Copy every entry below verbatim, except for images.

[[ Provided records, beginning ]]

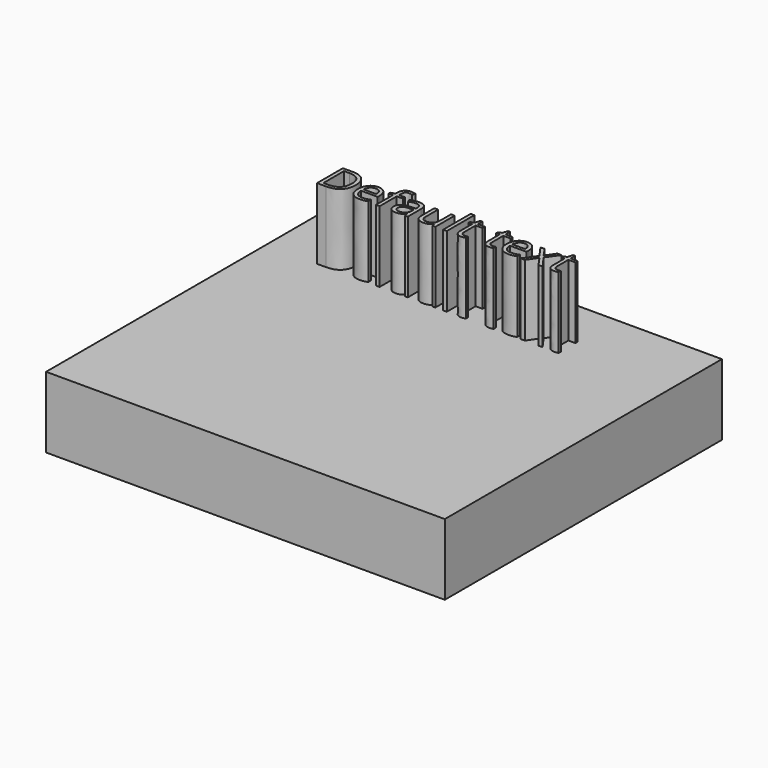
from build123d import *

# Parameters (mm, degrees)
F0_W         = 142.4828916788
F0_H         = 123.7823292613
F1_DEPTH     = 25.4
F2_TEXT_SIZE = 16.1709367401
F3_DEPTH     = 25.4


# Not quite as in the source:
# - Text() gives the source's letters only with a copy of the font that has no kerning and outlines rounded to 1/6400 em; it was checked with that copy


with BuildPart() as f1:
    # F0 (on Top) → F1 (new body)
    with BuildSketch(Plane.XY):
        with Locations((-1.7295405269, 8.8471062481)):
            Rectangle(F0_W, F0_H)
    extrude(amount=F1_DEPTH)

    # F2 (on face) → F3 (join)
    with BuildSketch(Plane.XY.offset(25.4)):
        with Locations((-56.2681593001, 45.1170951128)):
            Text('Default text', F2_TEXT_SIZE, font='Open Sans', text_align=(TextAlign.LEFT, TextAlign.BOTTOM))
    extrude(amount=F3_DEPTH)


solid = f1.part
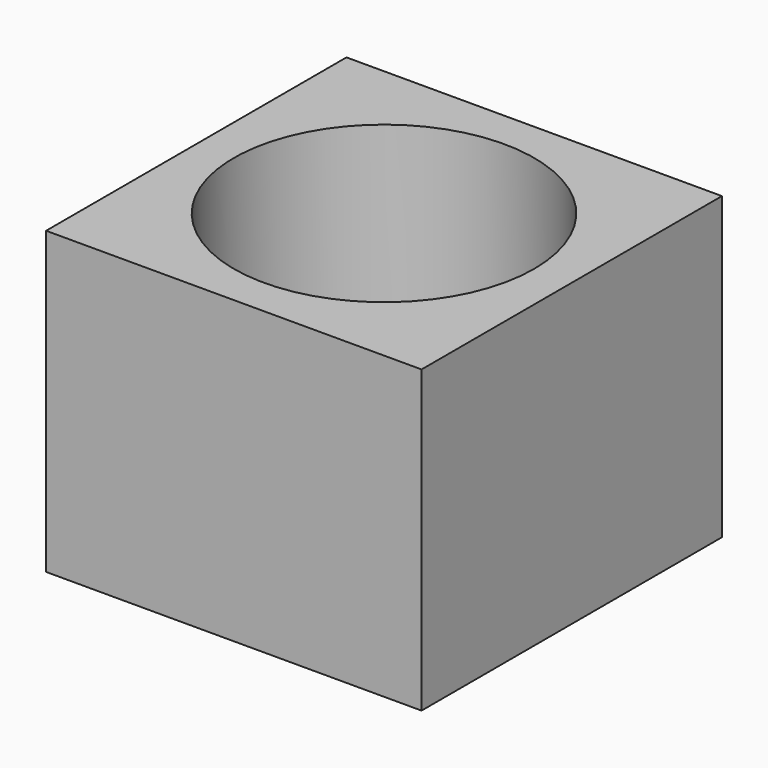
from build123d import *

# Parameters (mm, degrees)
F0_W     = 10
F0_H     = 10
F1_DEPTH = 8
F2_R     = 4
F3_DEPTH = 6
F4_W     = 5.25
F4_H     = 5.25
F5_DEPTH = 3


# Not quite as in the source:
# - a feature names something its author has since deleted; it is built from what else it names


with BuildPart() as f1:
    # F0 (on Top) → F1 (new body)
    with BuildSketch(Plane.XY):
        Rectangle(F0_W, F0_H)
    extrude(amount=F1_DEPTH)

    # F2 (on face) → F3 (cut)
    with BuildSketch(Plane.XY.offset(8)):
        Circle(F2_R)
    extrude(amount=-F3_DEPTH, mode=Mode.SUBTRACT)

    # F4 (on face) → F5 (cut)
    with BuildSketch(Plane.XY):
        Rectangle(F4_W, F4_H)
    extrude(amount=F5_DEPTH, mode=Mode.SUBTRACT)


solid = f1.part
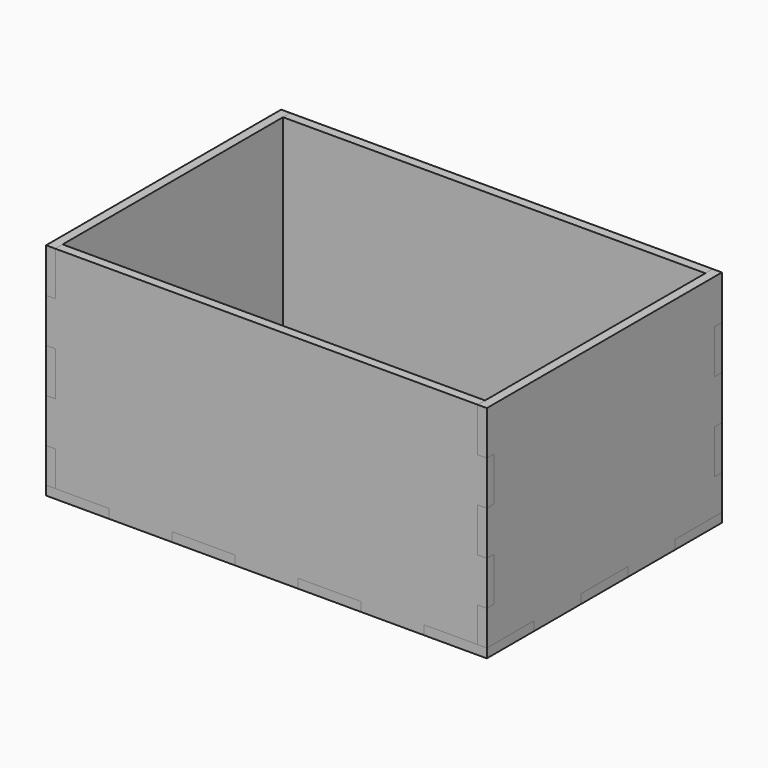
from build123d import *

# Parameters (mm, degrees)
F0_W     = 3.175
F0_H     = 3.175
F0_W_2   = 18.5964285714
F0_H_2   = 17.145
F0_H_3   = 20.32
F0_W_3   = 21.7714285714
F1_DEPTH = 3.175
F2_W     = 3.175
F2_H     = 15.24
F2_H_2   = 12.065
F2_H_3   = 3.175
F3_DEPTH = 3.175
F7_DEPTH = 3.175


with BuildPart() as f1:
    # F0 (on Top) → F1 (new body)
    with BuildSketch(Plane.XY):
        with Locations((-74.6125, 49.2125)):
            Rectangle(F0_W, F0_H)
        with Locations((-63.7267857143, 49.2125)):
            Rectangle(F0_W_2, F0_H)
        with Locations((-74.6125, 39.0525)):
            Rectangle(F0_W, F0_H_2)
        Polygon((73.025, 30.48), (73.025, 47.625), (54.4285714286, 47.625), (32.6571428571, 47.625), (10.8857142857, 47.625), (-10.8857142857, 47.625), (-32.6571428571, 47.625), (-54.4285714286, 47.625), (-73.025, 47.625), (-73.025, 30.48), (-73.025, 10.16), (-73.025, -10.16), (-73.025, -30.48), (-73.025, -47.625), (-54.4285714286, -47.625), (-32.6571428571, -47.625), (-10.8857142857, -47.625), (10.8857142857, -47.625), (32.6571428571, -47.625), (54.4285714286, -47.625), (73.025, -47.625), (73.025, -30.48), (73.025, -10.16), (73.025, 10.16), align=None)
        with Locations((-74.6125, 0)):
            Rectangle(F0_W, F0_H_3)
        with Locations((-74.6125, -39.0525)):
            Rectangle(F0_W, F0_H_2)
        with Locations((-74.6125, -49.2125)):
            Rectangle(F0_W, F0_H)
        with Locations((-63.7267857143, -49.2125)):
            Rectangle(F0_W_2, F0_H)
        with Locations((-21.7714285714, -49.2125)):
            Rectangle(F0_W_3, F0_H)
        with Locations((21.7714285714, -49.2125)):
            Rectangle(F0_W_3, F0_H)
        with Locations((63.7267857143, -49.2125)):
            Rectangle(F0_W_2, F0_H)
        with Locations((74.6125, -49.2125)):
            Rectangle(F0_W, F0_H)
        with Locations((74.6125, -39.0525)):
            Rectangle(F0_W, F0_H_2)
        with Locations((74.6125, 0)):
            Rectangle(F0_W, F0_H_3)
        with Locations((74.6125, 39.0525)):
            Rectangle(F0_W, F0_H_2)
        with Locations((74.6125, 49.2125)):
            Rectangle(F0_W, F0_H)
        with Locations((63.7267857143, 49.2125)):
            Rectangle(F0_W_2, F0_H)
        with Locations((21.7714285714, 49.2125)):
            Rectangle(F0_W_3, F0_H)
        with Locations((-21.7714285714, 49.2125)):
            Rectangle(F0_W_3, F0_H)
    extrude(amount=F1_DEPTH)


with BuildPart() as f3:
    # F2 (on face) → F3 (new body)
    with BuildSketch(Plane.YZ.offset(76.2)):
        with Locations((-49.2125, 68.58)):
            Rectangle(F2_W, F2_H)
        Polygon((-30.48, 3.175), (-30.48, 0), (47.625, 0), (47.625, 15.24), (47.625, 30.48), (47.625, 45.72), (47.625, 60.96), (47.625, 76.2), (-47.625, 76.2), (-47.625, 60.96), (-47.625, 45.72), (-47.625, 30.48), (-47.625, 15.24), (-47.625, 3.175), align=None)
        with Locations((-49.2125, 38.1)):
            Rectangle(F2_W, F2_H)
        with Locations((-49.2125, 9.2075)):
            Rectangle(F2_W, F2_H_2)
        with Locations((-49.2125, 1.5875)):
            Rectangle(F2_W, F2_H_3)
        with Locations((49.2125, 7.62)):
            Rectangle(F2_W, F2_H)
        with Locations((49.2125, 38.1)):
            Rectangle(F2_W, F2_H)
        with Locations((49.2125, 68.58)):
            Rectangle(F2_W, F2_H)
    extrude(amount=-F3_DEPTH)


with BuildPart() as f4_1:
    # F4: instance of F3
    add(f3.part.mirror(Plane.YZ))

    # F5: cut F1
    add(f1.part, mode=Mode.SUBTRACT)


with BuildPart() as f3_1:
    add(f3.part)

    # F5: cut F1
    add(f1.part, mode=Mode.SUBTRACT)


with BuildPart() as f7:
    # F6 (on face) → F7 (new body)
    with BuildSketch(Plane(origin=(0, 50.8, 0), x_dir=(-1, 0, 0), z_dir=(0, 1, 0))):
        Polygon((-54.4285714286, 3.175), (-54.4285714286, 0), (76.2, 0), (76.2, 76.2), (-76.2, 76.2), (-76.2, 3.175), align=None)
    extrude(amount=-F7_DEPTH)


with BuildPart() as f8_1:
    # F8: instance of F7
    add(f7.part.mirror(Plane.XZ))

    # F9: cut F3, F4_1, F1
    add(f3_1.part, mode=Mode.SUBTRACT)
    add(f4_1.part, mode=Mode.SUBTRACT)
    add(f1.part, mode=Mode.SUBTRACT)


with BuildPart() as f7_1:
    add(f7.part)

    # F9: cut F3, F4_1, F1
    add(f3_1.part, mode=Mode.SUBTRACT)
    add(f4_1.part, mode=Mode.SUBTRACT)
    add(f1.part, mode=Mode.SUBTRACT)


solid = Compound([f1.part, f4_1.part, f3_1.part, f8_1.part, f7_1.part])
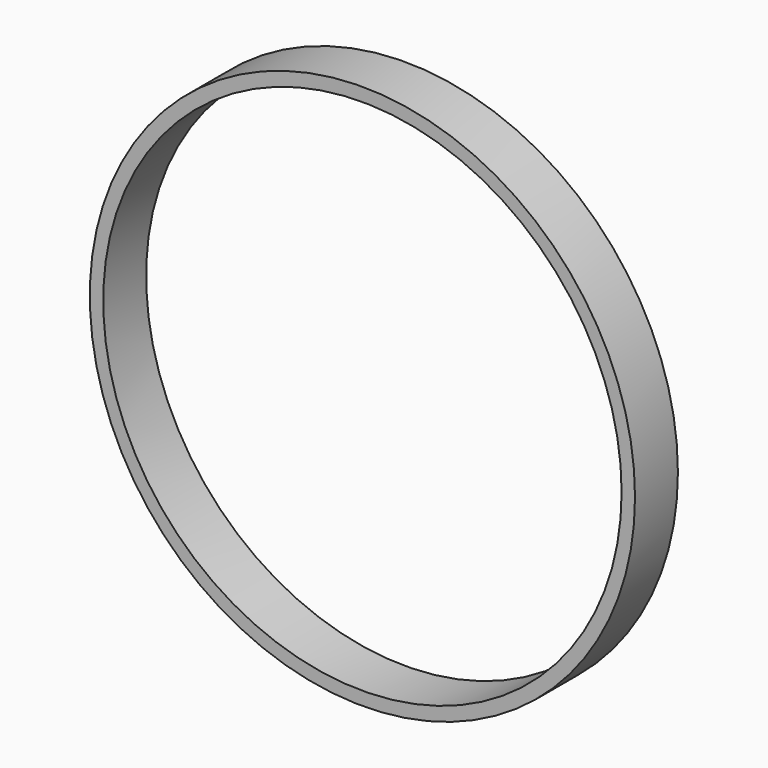
from build123d import *

# Parameters (mm, degrees)
F0_R     = 15.25
F0_R_2   = 14.5
F2_DEPTH = 3


# Not quite as in the source:
# - the program builds the solid bodies; features that only make, move or delete a surface that nothing else refers to are left out


with BuildPart() as f2:
    # F0 (on Front) → F2 (new body)
    with BuildSketch(Plane.XZ):
        Circle(F0_R)
        Circle(F0_R_2, mode=Mode.SUBTRACT)
    extrude(amount=F2_DEPTH)


solid = f2.part

[[ Provided records, end ]]

### Result of the exercise
from build123d import *

# Parameters (mm, degrees)
F0_W         = 142.4828916788
F0_H         = 123.7823292613
F1_DEPTH     = 25.4
F2_TEXT_SIZE = 16.1709367401
F3_DEPTH     = 25.4


# Not quite as in the source:
# - Text() gives the source's letters only with a copy of the font that has no kerning and outlines rounded to 1/6400 em; it was checked with that copy


with BuildPart() as f1:
    # F0 (on Top) → F1 (new body)
    with BuildSketch(Plane.XY):
        with Locations((-1.7295405269, 8.8471062481)):
            Rectangle(F0_W, F0_H)
    extrude(amount=F1_DEPTH)

    # F2 (on face) → F3 (join)
    with BuildSketch(Plane.XY.offset(25.4)):
        with Locations((-56.2681593001, 45.1170951128)):
            Text('Default text', F2_TEXT_SIZE, font='Open Sans', text_align=(TextAlign.LEFT, TextAlign.BOTTOM))
    extrude(amount=F3_DEPTH)


solid = f1.part
from build123d import *

# Parameters (mm, degrees)
F0_W     = 10
F0_H     = 10
F1_DEPTH = 8
F2_R     = 4
F3_DEPTH = 6
F4_W     = 5.25
F4_H     = 5.25
F5_DEPTH = 3


# Not quite as in the source:
# - a feature names something its author has since deleted; it is built from what else it names


with BuildPart() as f1:
    # F0 (on Top) → F1 (new body)
    with BuildSketch(Plane.XY):
        Rectangle(F0_W, F0_H)
    extrude(amount=F1_DEPTH)

    # F2 (on face) → F3 (cut)
    with BuildSketch(Plane.XY.offset(8)):
        Circle(F2_R)
    extrude(amount=-F3_DEPTH, mode=Mode.SUBTRACT)

    # F4 (on face) → F5 (cut)
    with BuildSketch(Plane.XY):
        Rectangle(F4_W, F4_H)
    extrude(amount=F5_DEPTH, mode=Mode.SUBTRACT)


solid = f1.part
from build123d import *

# Parameters (mm, degrees)
F0_W     = 3.175
F0_H     = 3.175
F0_W_2   = 18.5964285714
F0_H_2   = 17.145
F0_H_3   = 20.32
F0_W_3   = 21.7714285714
F1_DEPTH = 3.175
F2_W     = 3.175
F2_H     = 15.24
F2_H_2   = 12.065
F2_H_3   = 3.175
F3_DEPTH = 3.175
F7_DEPTH = 3.175


with BuildPart() as f1:
    # F0 (on Top) → F1 (new body)
    with BuildSketch(Plane.XY):
        with Locations((-74.6125, 49.2125)):
            Rectangle(F0_W, F0_H)
        with Locations((-63.7267857143, 49.2125)):
            Rectangle(F0_W_2, F0_H)
        with Locations((-74.6125, 39.0525)):
            Rectangle(F0_W, F0_H_2)
        Polygon((73.025, 30.48), (73.025, 47.625), (54.4285714286, 47.625), (32.6571428571, 47.625), (10.8857142857, 47.625), (-10.8857142857, 47.625), (-32.6571428571, 47.625), (-54.4285714286, 47.625), (-73.025, 47.625), (-73.025, 30.48), (-73.025, 10.16), (-73.025, -10.16), (-73.025, -30.48), (-73.025, -47.625), (-54.4285714286, -47.625), (-32.6571428571, -47.625), (-10.8857142857, -47.625), (10.8857142857, -47.625), (32.6571428571, -47.625), (54.4285714286, -47.625), (73.025, -47.625), (73.025, -30.48), (73.025, -10.16), (73.025, 10.16), align=None)
        with Locations((-74.6125, 0)):
            Rectangle(F0_W, F0_H_3)
        with Locations((-74.6125, -39.0525)):
            Rectangle(F0_W, F0_H_2)
        with Locations((-74.6125, -49.2125)):
            Rectangle(F0_W, F0_H)
        with Locations((-63.7267857143, -49.2125)):
            Rectangle(F0_W_2, F0_H)
        with Locations((-21.7714285714, -49.2125)):
            Rectangle(F0_W_3, F0_H)
        with Locations((21.7714285714, -49.2125)):
            Rectangle(F0_W_3, F0_H)
        with Locations((63.7267857143, -49.2125)):
            Rectangle(F0_W_2, F0_H)
        with Locations((74.6125, -49.2125)):
            Rectangle(F0_W, F0_H)
        with Locations((74.6125, -39.0525)):
            Rectangle(F0_W, F0_H_2)
        with Locations((74.6125, 0)):
            Rectangle(F0_W, F0_H_3)
        with Locations((74.6125, 39.0525)):
            Rectangle(F0_W, F0_H_2)
        with Locations((74.6125, 49.2125)):
            Rectangle(F0_W, F0_H)
        with Locations((63.7267857143, 49.2125)):
            Rectangle(F0_W_2, F0_H)
        with Locations((21.7714285714, 49.2125)):
            Rectangle(F0_W_3, F0_H)
        with Locations((-21.7714285714, 49.2125)):
            Rectangle(F0_W_3, F0_H)
    extrude(amount=F1_DEPTH)


with BuildPart() as f3:
    # F2 (on face) → F3 (new body)
    with BuildSketch(Plane.YZ.offset(76.2)):
        with Locations((-49.2125, 68.58)):
            Rectangle(F2_W, F2_H)
        Polygon((-30.48, 3.175), (-30.48, 0), (47.625, 0), (47.625, 15.24), (47.625, 30.48), (47.625, 45.72), (47.625, 60.96), (47.625, 76.2), (-47.625, 76.2), (-47.625, 60.96), (-47.625, 45.72), (-47.625, 30.48), (-47.625, 15.24), (-47.625, 3.175), align=None)
        with Locations((-49.2125, 38.1)):
            Rectangle(F2_W, F2_H)
        with Locations((-49.2125, 9.2075)):
            Rectangle(F2_W, F2_H_2)
        with Locations((-49.2125, 1.5875)):
            Rectangle(F2_W, F2_H_3)
        with Locations((49.2125, 7.62)):
            Rectangle(F2_W, F2_H)
        with Locations((49.2125, 38.1)):
            Rectangle(F2_W, F2_H)
        with Locations((49.2125, 68.58)):
            Rectangle(F2_W, F2_H)
    extrude(amount=-F3_DEPTH)


with BuildPart() as f4_1:
    # F4: instance of F3
    add(f3.part.mirror(Plane.YZ))

    # F5: cut F1
    add(f1.part, mode=Mode.SUBTRACT)


with BuildPart() as f3_1:
    add(f3.part)

    # F5: cut F1
    add(f1.part, mode=Mode.SUBTRACT)


with BuildPart() as f7:
    # F6 (on face) → F7 (new body)
    with BuildSketch(Plane(origin=(0, 50.8, 0), x_dir=(-1, 0, 0), z_dir=(0, 1, 0))):
        Polygon((-54.4285714286, 3.175), (-54.4285714286, 0), (76.2, 0), (76.2, 76.2), (-76.2, 76.2), (-76.2, 3.175), align=None)
    extrude(amount=-F7_DEPTH)


with BuildPart() as f8_1:
    # F8: instance of F7
    add(f7.part.mirror(Plane.XZ))

    # F9: cut F3, F4_1, F1
    add(f3_1.part, mode=Mode.SUBTRACT)
    add(f4_1.part, mode=Mode.SUBTRACT)
    add(f1.part, mode=Mode.SUBTRACT)


with BuildPart() as f7_1:
    add(f7.part)

    # F9: cut F3, F4_1, F1
    add(f3_1.part, mode=Mode.SUBTRACT)
    add(f4_1.part, mode=Mode.SUBTRACT)
    add(f1.part, mode=Mode.SUBTRACT)


solid = Compound([f1.part, f4_1.part, f3_1.part, f8_1.part, f7_1.part])
from build123d import *

# Parameters (mm, degrees)
F0_R     = 15.25
F0_R_2   = 14.5
F2_DEPTH = 3


# Not quite as in the source:
# - the program builds the solid bodies; features that only make, move or delete a surface that nothing else refers to are left out


with BuildPart() as f2:
    # F0 (on Front) → F2 (new body)
    with BuildSketch(Plane.XZ):
        Circle(F0_R)
        Circle(F0_R_2, mode=Mode.SUBTRACT)
    extrude(amount=F2_DEPTH)


solid = f2.part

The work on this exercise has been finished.